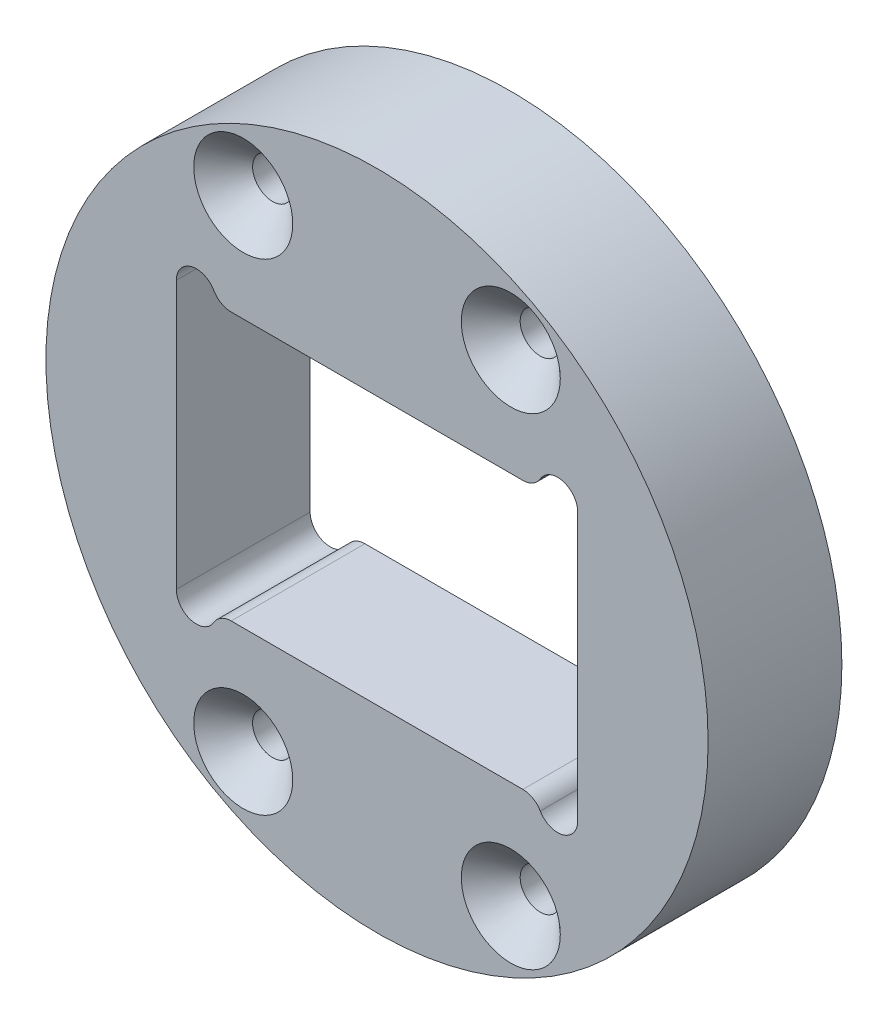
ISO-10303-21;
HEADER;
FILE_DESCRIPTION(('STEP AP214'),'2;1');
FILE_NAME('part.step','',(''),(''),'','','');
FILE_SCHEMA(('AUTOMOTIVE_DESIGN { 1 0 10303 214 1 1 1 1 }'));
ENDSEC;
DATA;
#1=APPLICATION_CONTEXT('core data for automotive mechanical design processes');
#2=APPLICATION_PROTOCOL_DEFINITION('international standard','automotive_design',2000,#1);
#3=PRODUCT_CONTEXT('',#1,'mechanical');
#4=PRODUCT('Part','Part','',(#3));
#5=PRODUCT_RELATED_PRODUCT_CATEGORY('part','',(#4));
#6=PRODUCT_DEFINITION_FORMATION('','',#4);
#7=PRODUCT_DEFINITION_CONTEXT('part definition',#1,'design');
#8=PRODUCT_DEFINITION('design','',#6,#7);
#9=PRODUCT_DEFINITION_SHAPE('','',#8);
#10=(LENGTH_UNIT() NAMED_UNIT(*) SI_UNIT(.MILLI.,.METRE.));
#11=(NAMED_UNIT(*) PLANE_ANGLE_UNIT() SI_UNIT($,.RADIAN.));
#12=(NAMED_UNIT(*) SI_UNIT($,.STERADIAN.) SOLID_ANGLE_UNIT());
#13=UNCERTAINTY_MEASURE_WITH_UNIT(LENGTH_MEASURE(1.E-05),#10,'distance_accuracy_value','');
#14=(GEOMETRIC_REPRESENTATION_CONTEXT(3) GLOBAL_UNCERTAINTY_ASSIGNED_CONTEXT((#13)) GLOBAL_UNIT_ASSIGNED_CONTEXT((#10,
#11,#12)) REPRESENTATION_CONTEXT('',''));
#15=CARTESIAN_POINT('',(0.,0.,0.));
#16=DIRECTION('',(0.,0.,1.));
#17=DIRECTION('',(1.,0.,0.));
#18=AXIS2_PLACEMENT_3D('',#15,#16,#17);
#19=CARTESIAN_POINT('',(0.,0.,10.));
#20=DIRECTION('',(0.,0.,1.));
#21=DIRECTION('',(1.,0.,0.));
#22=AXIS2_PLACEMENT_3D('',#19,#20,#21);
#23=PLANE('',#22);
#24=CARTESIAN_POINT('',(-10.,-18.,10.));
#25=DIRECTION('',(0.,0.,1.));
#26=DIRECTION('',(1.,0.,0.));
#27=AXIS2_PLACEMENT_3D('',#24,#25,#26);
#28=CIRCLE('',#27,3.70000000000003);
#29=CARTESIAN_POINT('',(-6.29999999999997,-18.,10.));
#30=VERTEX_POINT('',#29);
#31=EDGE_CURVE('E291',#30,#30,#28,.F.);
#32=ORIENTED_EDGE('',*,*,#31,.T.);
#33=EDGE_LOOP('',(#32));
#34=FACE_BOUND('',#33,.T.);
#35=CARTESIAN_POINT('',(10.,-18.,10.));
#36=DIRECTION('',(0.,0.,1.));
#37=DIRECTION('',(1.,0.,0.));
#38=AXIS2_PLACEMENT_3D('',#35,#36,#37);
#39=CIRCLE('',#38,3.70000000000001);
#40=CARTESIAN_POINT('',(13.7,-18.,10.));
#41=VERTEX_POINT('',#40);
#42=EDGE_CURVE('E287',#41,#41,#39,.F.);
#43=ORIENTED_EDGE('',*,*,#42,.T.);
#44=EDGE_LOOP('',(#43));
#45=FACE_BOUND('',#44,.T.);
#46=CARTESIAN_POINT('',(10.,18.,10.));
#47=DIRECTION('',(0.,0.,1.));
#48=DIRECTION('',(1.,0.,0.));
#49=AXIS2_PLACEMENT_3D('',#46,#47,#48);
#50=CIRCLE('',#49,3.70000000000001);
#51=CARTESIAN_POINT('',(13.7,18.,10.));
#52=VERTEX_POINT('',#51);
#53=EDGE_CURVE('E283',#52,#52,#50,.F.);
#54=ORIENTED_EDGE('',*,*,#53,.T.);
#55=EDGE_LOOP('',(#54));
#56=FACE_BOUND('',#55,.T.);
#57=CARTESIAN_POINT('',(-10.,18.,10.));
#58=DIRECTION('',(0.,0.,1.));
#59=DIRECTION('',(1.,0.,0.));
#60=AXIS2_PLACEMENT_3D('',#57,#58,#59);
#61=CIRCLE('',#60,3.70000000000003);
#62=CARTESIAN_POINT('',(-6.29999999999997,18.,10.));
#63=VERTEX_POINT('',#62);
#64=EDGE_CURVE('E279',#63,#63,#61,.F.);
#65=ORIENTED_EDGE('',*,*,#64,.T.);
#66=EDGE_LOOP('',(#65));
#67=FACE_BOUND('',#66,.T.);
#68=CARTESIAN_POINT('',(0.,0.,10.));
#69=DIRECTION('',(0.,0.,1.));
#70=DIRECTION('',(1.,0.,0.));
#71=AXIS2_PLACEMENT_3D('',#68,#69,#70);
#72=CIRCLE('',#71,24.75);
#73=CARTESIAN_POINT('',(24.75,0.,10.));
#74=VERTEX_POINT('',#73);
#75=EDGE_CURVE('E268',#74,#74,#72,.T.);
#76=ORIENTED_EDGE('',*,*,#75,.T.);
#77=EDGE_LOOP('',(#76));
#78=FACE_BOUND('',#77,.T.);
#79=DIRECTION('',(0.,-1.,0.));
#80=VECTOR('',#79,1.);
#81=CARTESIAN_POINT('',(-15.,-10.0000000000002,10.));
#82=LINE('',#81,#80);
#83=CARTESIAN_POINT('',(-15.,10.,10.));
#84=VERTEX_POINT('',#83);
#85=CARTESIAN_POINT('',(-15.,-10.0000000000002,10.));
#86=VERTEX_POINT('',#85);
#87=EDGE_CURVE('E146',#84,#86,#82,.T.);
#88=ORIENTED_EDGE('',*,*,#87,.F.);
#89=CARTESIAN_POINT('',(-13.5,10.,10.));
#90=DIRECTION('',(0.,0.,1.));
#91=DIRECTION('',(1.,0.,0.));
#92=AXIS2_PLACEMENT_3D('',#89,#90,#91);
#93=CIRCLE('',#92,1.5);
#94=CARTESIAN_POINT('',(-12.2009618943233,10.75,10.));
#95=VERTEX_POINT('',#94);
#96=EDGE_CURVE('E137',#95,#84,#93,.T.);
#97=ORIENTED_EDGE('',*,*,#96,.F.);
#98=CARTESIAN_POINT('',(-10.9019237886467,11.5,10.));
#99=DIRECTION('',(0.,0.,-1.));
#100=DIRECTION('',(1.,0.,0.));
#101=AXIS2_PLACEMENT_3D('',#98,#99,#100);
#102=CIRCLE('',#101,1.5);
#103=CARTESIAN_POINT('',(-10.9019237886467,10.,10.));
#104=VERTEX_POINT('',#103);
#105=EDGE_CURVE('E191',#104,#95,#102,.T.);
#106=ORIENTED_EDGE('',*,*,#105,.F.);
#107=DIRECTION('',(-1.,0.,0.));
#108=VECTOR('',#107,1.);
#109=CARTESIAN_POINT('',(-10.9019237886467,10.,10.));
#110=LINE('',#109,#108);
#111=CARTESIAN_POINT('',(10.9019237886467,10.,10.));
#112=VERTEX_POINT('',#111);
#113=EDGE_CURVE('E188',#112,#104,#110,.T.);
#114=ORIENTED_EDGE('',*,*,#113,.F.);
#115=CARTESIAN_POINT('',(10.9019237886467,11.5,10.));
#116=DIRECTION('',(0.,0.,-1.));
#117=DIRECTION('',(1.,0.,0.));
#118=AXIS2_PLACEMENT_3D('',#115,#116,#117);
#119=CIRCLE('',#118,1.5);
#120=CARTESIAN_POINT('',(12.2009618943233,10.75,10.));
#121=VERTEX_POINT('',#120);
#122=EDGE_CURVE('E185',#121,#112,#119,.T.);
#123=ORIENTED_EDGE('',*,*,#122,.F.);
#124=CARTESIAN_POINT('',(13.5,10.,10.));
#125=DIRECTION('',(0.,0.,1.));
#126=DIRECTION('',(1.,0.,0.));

###

▶ [Task description]:
Each line from the one containing "#88=ORIENTED_EDGE('',*,*,#87,.F.);" to the last line of the material above should be reproduced word for word, with nothing added.

▶ [Answer for this exercise]:
#88=ORIENTED_EDGE('',*,*,#87,.F.);
#89=CARTESIAN_POINT('',(-13.5,10.,10.));
#90=DIRECTION('',(0.,0.,1.));
#91=DIRECTION('',(1.,0.,0.));
#92=AXIS2_PLACEMENT_3D('',#89,#90,#91);
#93=CIRCLE('',#92,1.5);
#94=CARTESIAN_POINT('',(-12.2009618943233,10.75,10.));
#95=VERTEX_POINT('',#94);
#96=EDGE_CURVE('E137',#95,#84,#93,.T.);
#97=ORIENTED_EDGE('',*,*,#96,.F.);
#98=CARTESIAN_POINT('',(-10.9019237886467,11.5,10.));
#99=DIRECTION('',(0.,0.,-1.));
#100=DIRECTION('',(1.,0.,0.));
#101=AXIS2_PLACEMENT_3D('',#98,#99,#100);
#102=CIRCLE('',#101,1.5);
#103=CARTESIAN_POINT('',(-10.9019237886467,10.,10.));
#104=VERTEX_POINT('',#103);
#105=EDGE_CURVE('E191',#104,#95,#102,.T.);
#106=ORIENTED_EDGE('',*,*,#105,.F.);
#107=DIRECTION('',(-1.,0.,0.));
#108=VECTOR('',#107,1.);
#109=CARTESIAN_POINT('',(-10.9019237886467,10.,10.));
#110=LINE('',#109,#108);
#111=CARTESIAN_POINT('',(10.9019237886467,10.,10.));
#112=VERTEX_POINT('',#111);
#113=EDGE_CURVE('E188',#112,#104,#110,.T.);
#114=ORIENTED_EDGE('',*,*,#113,.F.);
#115=CARTESIAN_POINT('',(10.9019237886467,11.5,10.));
#116=DIRECTION('',(0.,0.,-1.));
#117=DIRECTION('',(1.,0.,0.));
#118=AXIS2_PLACEMENT_3D('',#115,#116,#117);
#119=CIRCLE('',#118,1.5);
#120=CARTESIAN_POINT('',(12.2009618943233,10.75,10.));
#121=VERTEX_POINT('',#120);
#122=EDGE_CURVE('E185',#121,#112,#119,.T.);
#123=ORIENTED_EDGE('',*,*,#122,.F.);
#124=CARTESIAN_POINT('',(13.5,10.,10.));
#125=DIRECTION('',(0.,0.,1.));
#126=DIRECTION('',(1.,0.,0.));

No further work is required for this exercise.